Pokrzywdzony może występować przed sądem w charakterze oskarżyciela posiłkowego także zamiast oskarżyciela publicznego. Następuje to w sytuacji odstąpienia przez tego ostatniego od oskarżenia. Nadto pokrzywdzony może wystąpić samodzielnie w charakterze oskarżyciela posiłkowego po wniesieniu do sądu aktu oskarżenia o przestępstwo ścigane z oskarżenia publicznego w razie powtórnego, po wcześniejszym uchyleniu przez sąd, wydania przez prokuratora postanowienia o umorzeniu postępowania przygotowawczego lub odmowie jego wszczęcia. Termin do wniesienia aktu oskarżenia wynosi l miesiąc od doręczenia pokrzywdzonemu zawiadomienia o postanowieniu. Akt oskarżenia w takiej sytuacji powinien być sporządzony i podpisany przez adwokata (art. 55 § l i 2 kpk).

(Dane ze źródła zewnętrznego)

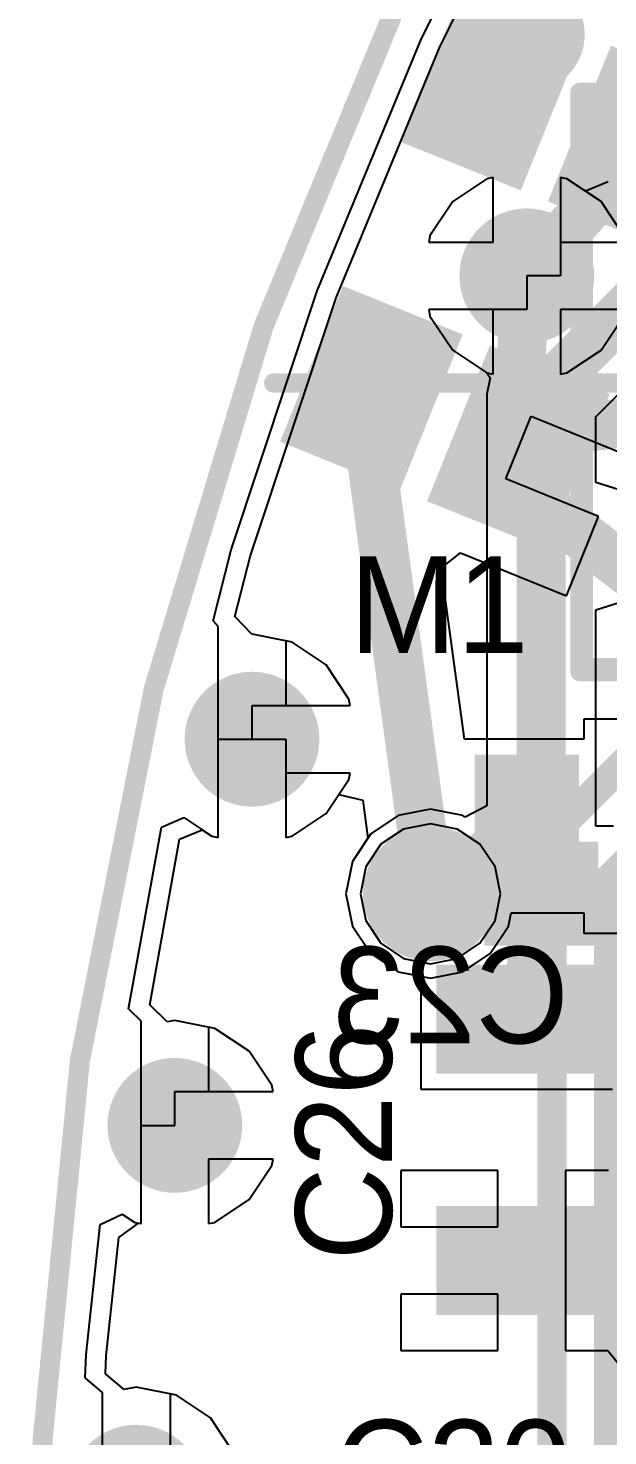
# Model space of a CAD drawing. Header units: millimetres. Extents: x 6 to 417, y 41 to 311.
# Drawn here: x 79.94 to 82.95, y 100.99 to 108.28 of the extents above; entities that cross this region are included whole.
import ezdxf

# ---------------------------------------------------------------- set-up
doc = ezdxf.new("R2010")
doc.units = ezdxf.units.MM
for name, color, linetype in [('BottomLayer', 5, 'Continuous'), ('BottomOverlay', 54, 'Continuous'), ('BottomPaste', 16, 'Continuous'), ('BottomSolder', 6, 'Continuous'), ('DrillDrawing', 1, 'Continuous'), ('KeepOutLayer', 6, 'Continuous'), ('Mechanical13', 56, 'Continuous'), ('Mechanical4', 56, 'Continuous'), ('MidLayer1', 16, 'Continuous'), ('MidLayer2', 76, 'Continuous'), ('MultiLayer', 9, 'Continuous'), ('TopLayer', 1, 'Continuous'), ('TopOverlay', 2, 'Continuous'), ('TopPaste', 8, 'Continuous'), ('TopSolder', 216, 'Continuous')]:
    doc.layers.add(name, color=color, linetype=linetype)

msp = doc.modelspace()

# ---------------------------------------------------------------- linework, layer by layer
at = {"layer": 'BottomLayer'}
for p, q in [((82.4156, 105.9487), (82.5467, 106.2732)), ((82.5467, 106.2732), (83.0279, 106.0788)), ((82.8968, 105.7543), (82.4156, 105.9487)), ((82.7304, 105.3426), (82.8968, 105.7543)), ((82.0807, 105.4866), (82.1809, 105.5646)), ((82.1809, 105.5646), (82.7304, 105.3426)), ((82.2012, 104.6), (82.0807, 105.4866)), ((83.1, 104.704), (82.821, 104.704)), ((82.821, 104.704), (82.821, 104.6)), ((80.925, 104.091), (80.925, 104.6)), ((80.925, 104.6), (81.275, 104.6)), ((81.275, 104.6), (81.275, 104.091)), ((82.821, 104.6), (82.2012, 104.6)), ((81.4846, 104.2154), (81.5503, 104.3138)), ((81.5503, 104.3138), (81.674, 104.2852)), ((81.674, 104.2852), (81.7008, 104.0878)), ((80.6301, 104.1447), (80.747, 104.1944)), ((80.747, 104.1944), (80.8919, 104.0975)), ((81.3081, 104.0975), (81.4846, 104.2154)), ((80.4602, 103.2032), (80.6301, 104.1447)), ((80.8919, 104.0975), (80.925, 104.091)), ((81.275, 104.091), (81.3081, 104.0975)), ((81.7008, 104.0878), (81.6205, 103.9675)), ((81.6205, 103.9675), (81.5872, 103.8)), ((81.5872, 103.8), (81.6205, 103.6325)), ((82.4295, 103.6325), (82.4429, 103.7)), ((82.4429, 103.7), (82.821, 103.7)), ((82.821, 103.7), (82.821, 103.596)), ((81.6205, 103.6325), (81.7154, 103.4904)), ((82.3346, 103.4904), (82.4295, 103.6325)), ((82.821, 103.596), (83.0671, 103.596)), ((81.7154, 103.4904), (81.8575, 103.3955)), ((82.1925, 103.3955), (82.3346, 103.4904)), ((81.8575, 103.3955), (82.025, 103.3622)), ((82.025, 103.3622), (82.1925, 103.3955)), ((80.525, 103.1396), (80.4602, 103.2032)), ((80.525, 102.6), (80.525, 103.1396)), ((80.9081, 103.1025), (80.875, 103.109)), ((80.875, 103.109), (80.875, 102.775)), ((81.0846, 102.9846), (80.9081, 103.1025)), ((81.2025, 102.8081), (81.0846, 102.9846)), ((81.209, 102.775), (81.2025, 102.8081)), ((80.875, 102.775), (81.209, 102.775)), ((80.525, 102.091), (80.525, 102.6)), ((81.209, 102.425), (80.875, 102.425)), ((80.875, 102.425), (80.875, 102.091)), ((81.0846, 102.2154), (81.2025, 102.3919)), ((81.2025, 102.3919), (81.209, 102.425)), ((80.9081, 102.0975), (81.0846, 102.2154)), ((80.2398, 101.4133), (80.3122, 102.0869)), ((80.3122, 102.0869), (80.4273, 102.1407)), ((80.4273, 102.1407), (80.4919, 102.0975)), ((80.4919, 102.0975), (80.525, 102.091)), ((80.875, 102.091), (80.9081, 102.0975)), ((80.2355, 101.2928), (80.2398, 101.4133)), ((80.325, 101.2166), (80.2355, 101.2928)), ((80.325, 100.7), (80.325, 101.2166)), ((80.7081, 101.2025), (80.675, 101.209)), ((80.675, 101.209), (80.675, 100.875)), ((80.8846, 101.0846), (80.7081, 101.2025)), ((81.0025, 100.9081), (80.8846, 101.0846))]:
    msp.add_line(p, q, dxfattribs=at)
at = {"layer": 'BottomLayer', "const_width": 0.254}
for points in [[(82.3461, 107.971), (82.8, 109.025)], [(82.525, 107), (82.95, 107.475)], [(82.475, 106.288), (82.525, 107)], [(81.675, 106.3741), (82.025, 103.8)], [(82.666, 106.1969), (83.566, 106.3)], [(82.6, 105.8153), (83.1043, 105.4297)], [(82.025, 103.8), (82.525, 104.15)]]:
    msp.add_lwpolyline(points, dxfattribs=at)
at = {"layer": 'BottomLayer'}
for points, const_width in [([(82.2826, 107.971, 1), (82.4096, 107.971, 1)], 0.127), ([(82.8865, 107.475, 1), (83.0135, 107.475, 1)], 0.127), ([(82.3853, 107, 1), (82.6647, 107, 1)], 0.2794), ([(82.4615, 107, 1), (82.5885, 107, 1)], 0.127), ([(82.4615, 107, 1), (82.5885, 107, 1)], 0.127), ([(81.6115, 106.3741, 1), (81.7385, 106.3741, 1)], 0.127), ([(82.4115, 106.288, 1), (82.5385, 106.288, 1)], 0.127), ([(82.6025, 106.1969, 1), (82.7295, 106.1969, 1)], 0.127), ([(82.5365, 105.8153, 1), (82.6635, 105.8153, 1)], 0.127), ([(80.9603, 104.6, 1), (81.2397, 104.6, 1)], 0.2794), ([(82.4615, 104.15, 1), (82.5885, 104.15, 1)], 0.127), ([(81.8853, 103.8, 1), (82.1647, 103.8, 1)], 0.2794), ([(81.9615, 103.8, 1), (82.0885, 103.8, 1)], 0.127), ([(81.9615, 103.8, 1), (82.0885, 103.8, 1)], 0.127), ([(80.5603, 102.6, 1), (80.8397, 102.6, 1)], 0.2794)]:
    msp.add_lwpolyline(points, format="xyb", close=True, dxfattribs=dict(at, const_width=const_width))
for points in [[(82.2371, 108.4087), (81.9636, 107.7318), (82.7285, 108.2101), (82.455, 107.5333)], [(82.9992, 108.1007), (82.7258, 107.4239), (83.4906, 107.9022), (83.2172, 107.2254)], [(81.61, 106.8566), (81.3365, 106.1797), (82.1014, 106.658), (81.8279, 105.9812)], [(82.3721, 106.5486), (82.0987, 105.8718), (82.8635, 106.3501), (82.5901, 105.6732)], [(82.725, 104.45), (82.325, 104.45), (82.725, 103.85), (82.325, 103.85)]]:
    msp.add_solid(points, dxfattribs=at)
at = {"layer": 'BottomPaste'}
for points in [[(82.2923, 108.2785), (82.0938, 107.7871), (82.5983, 108.1549), (82.3998, 107.6635)], [(83.0545, 107.9706), (82.856, 107.4791), (83.3605, 107.8469), (83.1619, 107.3555)], [(81.6653, 106.7264), (81.4667, 106.235), (81.9712, 106.6028), (81.7727, 106.1113)], [(82.4274, 106.4184), (82.2289, 105.927), (82.7334, 106.2948), (82.5348, 105.8034)], [(82.675, 104.4), (82.375, 104.4), (82.675, 103.9), (82.375, 103.9)]]:
    msp.add_solid(points, dxfattribs=at)
at = {"layer": 'BottomSolder', "const_width": 0.3494}
for points in [[(82.3503, 107, 1), (82.6997, 107, 1)], [(80.9253, 104.6, 1), (81.2747, 104.6, 1)], [(81.8503, 103.8, 1), (82.1997, 103.8, 1)], [(80.5253, 102.6, 1), (80.8747, 102.6, 1)], [(80.3253, 100.7, 1), (80.6747, 100.7, 1)]]:
    msp.add_lwpolyline(points, format="xyb", close=True, dxfattribs=at)
at = {"layer": 'BottomSolder'}
for points in [[(82.1984, 108.4998), (81.8725, 107.6931), (82.8196, 108.2488), (82.4937, 107.4422)], [(82.9606, 108.1919), (82.6346, 107.3852), (83.5818, 107.9409), (83.2559, 107.1342)], [(81.5713, 106.9477), (81.2454, 106.141), (82.1925, 106.6967), (81.8666, 105.89)], [(82.3335, 106.6398), (82.0076, 105.8331), (82.9547, 106.3888), (82.6288, 105.5821)], [(82.795, 104.52), (82.255, 104.52), (82.795, 103.78), (82.255, 103.78)]]:
    msp.add_solid(points, dxfattribs=at)
at = {"layer": 'DrillDrawing', "const_width": 0.1}
for points in [[(119.9857, 99, -39.996351), (119.9857, 101)], [(119.9819, 99, -39.98872), (119.9819, 101)]]:
    msp.add_lwpolyline(points, format="xyb", dxfattribs=at)
at = {"layer": 'DrillDrawing', "const_width": 0.1524}
for points in [[(82.4488, 107, 1), (82.6012, 107, 1)], [(81.0238, 104.6, 1), (81.1762, 104.6, 1)], [(81.9488, 103.8, 1), (82.1012, 103.8, 1)], [(80.6238, 102.6, 1), (80.7762, 102.6, 1)]]:
    msp.add_lwpolyline(points, format="xyb", close=True, dxfattribs=at)
at = {"layer": 'KeepOutLayer', "const_width": 0.1}
msp.add_lwpolyline([(119.9857, 99, -39.996351), (119.9857, 101)], format="xyb", dxfattribs=at)
at = {"layer": 'Mechanical13', "const_width": 0.1}
for points in [[(82.8, 107.95), (86.6, 107.95)], [(82.8, 104.95), (82.8, 107.95)], [(82.8, 104.95), (86.6, 104.95)]]:
    msp.add_lwpolyline(points, dxfattribs=at)
at = {"layer": 'Mechanical13', "const_width": 0.05}
for points in [[(82.775, 107.95, 1), (82.825, 107.95, 1)], [(82.775, 107.95, 1), (82.825, 107.95, 1)], [(82.775, 104.95, 1), (82.825, 104.95, 1)], [(82.775, 104.95, 1), (82.825, 104.95, 1)]]:
    msp.add_lwpolyline(points, format="xyb", close=True, dxfattribs=at)
at = {"layer": 'Mechanical4', "const_width": 0.1}
for points in [[(82.8188, 107.9202), (86.5788, 107.9202)], [(82.8188, 104.9702), (82.8188, 107.9202)], [(81.2128, 106.4452), (81.4628, 106.4452)], [(81.4628, 106.4452), (84.0028, 106.4452)], [(82.8188, 104.9702), (86.5788, 104.9702)]]:
    msp.add_lwpolyline(points, dxfattribs=at)
at = {"layer": 'Mechanical4', "const_width": 0.05}
for points in [[(82.7938, 107.9202, 1), (82.8438, 107.9202, 1)], [(82.7938, 107.9202, 1), (82.8438, 107.9202, 1)], [(81.1878, 106.4452, 1), (81.2378, 106.4452, 1)], [(81.4378, 106.4452, 1), (81.4878, 106.4452, 1)], [(81.4378, 106.4452, 1), (81.4878, 106.4452, 1)], [(82.7938, 104.9702, 1), (82.8438, 104.9702, 1)], [(82.7938, 104.9702, 1), (82.8438, 104.9702, 1)]]:
    msp.add_lwpolyline(points, format="xyb", close=True, dxfattribs=at)
at = {"layer": 'MidLayer1'}
for p, q in [((82.0743, 108.1864), (82.3853, 108.8079)), ((81.5359, 106.8868), (82.0743, 108.1864)), ((82.3169, 107.5025), (82.1404, 107.3846)), ((82.35, 107.509), (82.3169, 107.5025)), ((82.35, 107.175), (82.35, 107.509)), ((82.7331, 107.5025), (82.7, 107.509)), ((82.7, 107.509), (82.7, 107.175)), ((82.9096, 107.3846), (82.7331, 107.5025)), ((82.1404, 107.3846), (82.0225, 107.2081)), ((83.0275, 107.2081), (82.9096, 107.3846)), ((82.0225, 107.2081), (82.016, 107.175)), ((82.016, 107.175), (82.35, 107.175)), ((82.7, 107.175), (83.034, 107.175)), ((81.0917, 105.552), (81.5359, 106.8868)), ((82.35, 106.825), (82.016, 106.825)), ((82.016, 106.825), (82.0225, 106.7919)), ((82.35, 106.491), (82.35, 106.825)), ((83.034, 106.825), (82.7, 106.825)), ((82.7, 106.825), (82.7, 106.491)), ((82.0225, 106.7919), (82.1404, 106.6154)), ((82.9096, 106.6154), (83.0275, 106.7919)), ((82.1404, 106.6154), (82.3169, 106.4975)), ((82.7331, 106.4975), (82.9096, 106.6154)), ((82.3169, 106.4975), (82.35, 106.491)), ((82.7, 106.491), (82.7331, 106.4975)), ((81.0109, 105.2357), (81.0917, 105.552)), ((81.0983, 105.1435), (81.0109, 105.2357)), ((81.1, 105.1438), (81.0983, 105.1435)), ((81.3081, 105.1025), (81.1, 105.1438)), ((81.4846, 104.9846), (81.3081, 105.1025)), ((81.6025, 104.8081), (81.4846, 104.9846)), ((81.1, 104.6), (81.1, 104.775)), ((81.1, 104.775), (81.609, 104.775)), ((81.609, 104.775), (81.6025, 104.8081)), ((80.925, 104.091), (80.925, 104.6)), ((80.925, 104.6), (81.1, 104.6)), ((81.609, 104.425), (81.275, 104.425)), ((81.275, 104.425), (81.275, 104.091)), ((81.6025, 104.3919), (81.609, 104.425)), ((81.4846, 104.2154), (81.6025, 104.3919)), ((81.3081, 104.0975), (81.4846, 104.2154)), ((80.7244, 104.0817), (80.8413, 104.1313)), ((80.8413, 104.1313), (80.8919, 104.0975)), ((81.8863, 104.135), (81.7686, 104.0564)), ((82.025, 104.1626), (81.8863, 104.135)), ((82.1637, 104.135), (82.025, 104.1626)), ((82.2814, 104.0564), (82.1637, 104.135)), ((80.5698, 103.225), (80.7244, 104.0817)), ((80.8919, 104.0975), (80.925, 104.091)), ((81.275, 104.091), (81.3081, 104.0975)), ((81.7686, 104.0564), (81.69, 103.9387)), ((82.36, 103.9387), (82.2814, 104.0564)), ((81.69, 103.9387), (81.6624, 103.8)), ((82.3876, 103.8), (82.36, 103.9387)), ((81.6624, 103.8), (81.69, 103.6613)), ((82.36, 103.6613), (82.3876, 103.8)), ((81.69, 103.6613), (81.7686, 103.5436)), ((82.2814, 103.5436), (82.36, 103.6613)), ((81.7686, 103.5436), (81.8863, 103.465)), ((82.1637, 103.465), (82.2814, 103.5436)), ((81.8863, 103.465), (82.025, 103.4374)), ((82.025, 103.4374), (82.1637, 103.465)), ((80.6604, 103.136), (80.5698, 103.225)), ((80.7, 103.1439), (80.6604, 103.136)), ((80.9081, 103.1025), (80.7, 103.1439)), ((81.0846, 102.9846), (80.9081, 103.1025)), ((81.2025, 102.8081), (81.0846, 102.9846)), ((81.209, 102.775), (81.2025, 102.8081)), ((80.7, 102.6), (80.7, 102.775)), ((80.7, 102.775), (81.209, 102.775)), ((80.525, 102.091), (80.525, 102.6)), ((80.525, 102.6), (80.7, 102.6)), ((81.209, 102.425), (80.875, 102.425)), ((80.875, 102.425), (80.875, 102.091)), ((81.0846, 102.2154), (81.2025, 102.3919)), ((81.2025, 102.3919), (81.209, 102.425)), ((80.9081, 102.0975), (81.0846, 102.2154)), ((80.4095, 102.0184), (80.5118, 102.0936)), ((80.5118, 102.0936), (80.525, 102.091)), ((80.875, 102.091), (80.9081, 102.0975)), ((80.3436, 101.4059), (80.4095, 102.0184)), ((80.3403, 101.3136), (80.3436, 101.4059)), ((80.437, 101.2313), (80.3403, 101.3136)), ((80.5, 101.2438), (80.437, 101.2313)), ((80.7081, 101.2025), (80.5, 101.2438)), ((80.8846, 101.0846), (80.7081, 101.2025)), ((81.0025, 100.9081), (80.8846, 101.0846))]:
    msp.add_line(p, q, dxfattribs=at)
at = {"layer": 'MidLayer1', "const_width": 0.2794}
for points in [[(82.3853, 107, 1), (82.6647, 107, 1)], [(80.9603, 104.6, 1), (81.2397, 104.6, 1)], [(81.8853, 103.8, 1), (82.1647, 103.8, 1)], [(80.5603, 102.6, 1), (80.8397, 102.6, 1)]]:
    msp.add_lwpolyline(points, format="xyb", close=True, dxfattribs=at)
at = {"layer": 'MidLayer2', "const_width": 0.1524}
for points in [[(82.655, 104.1046), (90.025, 111.4746)], [(82.95, 103.875), (90.5, 111.425)], [(82.655, 97.612), (82.655, 104.1046)], [(82.95, 97.992), (82.95, 103.875)]]:
    msp.add_lwpolyline(points, dxfattribs=at)
at = {"layer": 'MidLayer2'}
for points, const_width in [([(82.3853, 107, 1), (82.6647, 107, 1)], 0.2794), ([(80.9603, 104.6, 1), (81.2397, 104.6, 1)], 0.2794), ([(82.6169, 104.1046, 1), (82.6931, 104.1046, 1)], 0.0762), ([(82.6169, 104.1046, 1), (82.6931, 104.1046, 1)], 0.0762), ([(81.8853, 103.8, 1), (82.1647, 103.8, 1)], 0.2794), ([(82.9119, 103.875, 1), (82.9881, 103.875, 1)], 0.0762), ([(82.9119, 103.875, 1), (82.9881, 103.875, 1)], 0.0762), ([(80.5603, 102.6, 1), (80.8397, 102.6, 1)], 0.2794)]:
    msp.add_lwpolyline(points, format="xyb", close=True, dxfattribs=dict(at, const_width=const_width))
at = {"layer": 'MultiLayer', "const_width": 0.2794}
for points in [[(82.3853, 107, 1), (82.6647, 107, 1)], [(80.9603, 104.6, 1), (81.2397, 104.6, 1)], [(81.8853, 103.8, 1), (82.1647, 103.8, 1)], [(80.5603, 102.6, 1), (80.8397, 102.6, 1)]]:
    msp.add_lwpolyline(points, format="xyb", close=True, dxfattribs=at)
at = {"layer": 'TopLayer'}
for p, q in [((81.9796, 108.2296), (82.2808, 108.8315)), ((81.4384, 106.9231), (81.9796, 108.2296)), ((82.3169, 107.5025), (82.1404, 107.3846)), ((82.35, 107.509), (82.3169, 107.5025)), ((82.35, 107.175), (82.35, 107.509)), ((82.7331, 107.5025), (82.7, 107.509)), ((82.7, 107.509), (82.7, 107)), ((82.8291, 107.4383), (82.7331, 107.5025)), ((82.9464, 107.4869), (82.8291, 107.4383)), ((82.1404, 107.3846), (82.0225, 107.2081)), ((82.0225, 107.2081), (82.016, 107.175)), ((82.016, 107.175), (82.35, 107.175)), ((82.7, 107), (82.525, 107)), ((82.525, 107), (82.525, 106.825)), ((80.9918, 105.5813), (81.4384, 106.9231)), ((82.525, 106.825), (82.016, 106.825)), ((82.016, 106.825), (82.0225, 106.7919)), ((82.0225, 106.7919), (82.1404, 106.6154)), ((82.8824, 106.2701), (83.3712, 106.7589)), ((82.1404, 106.6154), (82.3169, 106.4975)), ((82.3169, 106.4975), (82.3169, 106.4975)), ((82.3169, 106.4975), (82.3169, 106.4975)), ((82.3169, 106.4975), (82.3343, 106.4714)), ((82.3343, 106.4714), (82.3176, 106.3871)), ((82.3176, 106.3871), (82.3176, 106.3871)), ((82.3176, 106.3871), (82.3176, 104.2557)), ((82.8824, 105.9294), (82.8824, 106.2701)), ((83.004, 105.8925), (82.8824, 105.9294)), ((80.8979, 105.2132), (80.9918, 105.5813)), ((82.8824, 105.2706), (83.004, 105.3075)), ((80.925, 105.1846), (80.8979, 105.2132)), ((82.8824, 104.15), (82.8824, 105.2706)), ((80.925, 104.6), (80.925, 105.1846)), ((81.3081, 105.1025), (81.275, 105.109)), ((81.275, 105.109), (81.275, 104.775)), ((81.4846, 104.9846), (81.3081, 105.1025)), ((81.6025, 104.8081), (81.4846, 104.9846)), ((81.275, 104.775), (81.609, 104.775)), ((81.609, 104.775), (81.6025, 104.8081)), ((80.925, 104.091), (80.925, 104.6)), ((81.609, 104.425), (81.275, 104.425)), ((81.275, 104.425), (81.275, 104.091)), ((81.6025, 104.3919), (81.609, 104.425)), ((81.4846, 104.2154), (81.6025, 104.3919)), ((80.6301, 104.1447), (80.747, 104.1944)), ((80.747, 104.1944), (80.8919, 104.0975)), ((81.3081, 104.0975), (81.4846, 104.2154)), ((81.8575, 104.2045), (81.7154, 104.1096)), ((82.025, 104.2378), (81.8575, 104.2045)), ((82.1925, 104.2045), (82.025, 104.2378)), ((82.2056, 104.1958), (82.1925, 104.2045)), ((82.3176, 104.2557), (82.2056, 104.1958)), ((80.4602, 103.2032), (80.6301, 104.1447)), ((82.975, 104.15), (82.8824, 104.15)), ((80.8919, 104.0975), (80.925, 104.091)), ((81.275, 104.091), (81.3081, 104.0975)), ((81.7154, 104.1096), (81.6205, 103.9675)), ((81.6205, 103.9675), (81.5872, 103.8)), ((81.5872, 103.8), (81.6205, 103.6325)), ((81.6205, 103.6325), (81.7154, 103.4904)), ((81.7154, 103.4904), (81.8575, 103.3955)), ((81.8575, 103.3955), (81.975, 103.3721)), ((81.975, 103.3721), (81.975, 102.7875)), ((80.525, 103.1396), (80.4602, 103.2032)), ((80.525, 102.6), (80.525, 103.1396)), ((80.9081, 103.1025), (80.875, 103.109)), ((80.875, 103.109), (80.875, 102.775)), ((81.0846, 102.9846), (80.9081, 103.1025)), ((81.2025, 102.8081), (81.0846, 102.9846)), ((81.209, 102.775), (81.2025, 102.8081)), ((80.875, 102.775), (81.209, 102.775)), ((81.975, 102.7875), (82.9689, 102.7875)), ((80.525, 102.091), (80.525, 102.6)), ((81.209, 102.425), (80.875, 102.425)), ((80.875, 102.425), (80.875, 102.091)), ((81.0846, 102.2154), (81.2025, 102.3919)), ((81.2025, 102.3919), (81.209, 102.425)), ((82.375, 102.3665), (81.871, 102.3665)), ((81.871, 102.3665), (81.871, 102.075)), ((82.375, 102.075), (82.375, 102.3665)), ((82.949, 102.3665), (82.725, 102.3665)), ((82.725, 102.3665), (82.725, 101.9)), ((80.9081, 102.0975), (81.0846, 102.2154)), ((80.2398, 101.4133), (80.3122, 102.0869)), ((80.3122, 102.0869), (80.4273, 102.1407)), ((80.4273, 102.1407), (80.4919, 102.0975)), ((80.4919, 102.0975), (80.525, 102.091)), ((80.875, 102.091), (80.9081, 102.0975)), ((81.871, 102.075), (82.375, 102.075)), ((82.725, 101.9), (82.725, 101.4335)), ((82.375, 101.725), (81.871, 101.725)), ((81.871, 101.725), (81.871, 101.4335)), ((82.375, 101.4335), (82.375, 101.725)), ((81.871, 101.4335), (82.375, 101.4335)), ((82.725, 101.4335), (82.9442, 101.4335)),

Przepisy kodeksu postępowania karnego przewidują także sytuację, gdy pokrzywdzony staje się oskarżycielem posiłkowym z mocy samego prawa. Następuje to w okolicznościach, gdy prokurator po wytoczeniu przez pokrzywdzonego oskarżenia prywatnego wstępuje na mocy artykułu 60 § 1 kpk do wszczętego już przed sądem postępowania, jeżeli uzna, iż wymaga tego interes społeczny. Dotychczasowy oskarżyciel prywatny staje się wtedy oskarżycielem posiłkowym (art. 60 § 2 kpk).
Pokrzywdzony zawsze ma prawo dopilnować prawdy związanej z wydarzeniem, a jego uczestnictwo w procesie ma właśnie temu służyć.
Wiele rozpraw karnych toczy się z oskarżenia publicznego, a nie prywatnego, w związku z tym rola oskarżyciela posiłkowego sprowadza się do rzetelnego ustalenia faktów, a nie otworzenia procesu. Otwiera go bowiem OSKARŻYCIEL PUBLICZNY. Dopiero w trakcie procesu sędzia pyta osobę pokrzywdzoną, czy chce pełnić funkcję oskarżyciela posiłkowego.
Jeżeli jakiś X gwałci moją córkę i ja zgłaszam fakt na policji, to prokurator musi ogłosić ściganie przestępcy, czy chce, czy nie. Jeśli przestępca jest schwytany, to prokurator
musi otworzyć proces karny, bez względu na to, czy to mi się podoba czy nie. Natomiast z oskarżeniem prywatnym mogę sobie wystąpić o nawiązkę za szkodę. I to już jest proces zależny od mojej woli. Sprawca czynu ściganego z mocy prawa poniósł karę zasądzoną przez sąd w postaci więzienia, czy jakąś inną sankcję, ale oprócz tego musi naprawić szkodę, jeśli zapadnie taki wyrok z oskarżenia prywatnego.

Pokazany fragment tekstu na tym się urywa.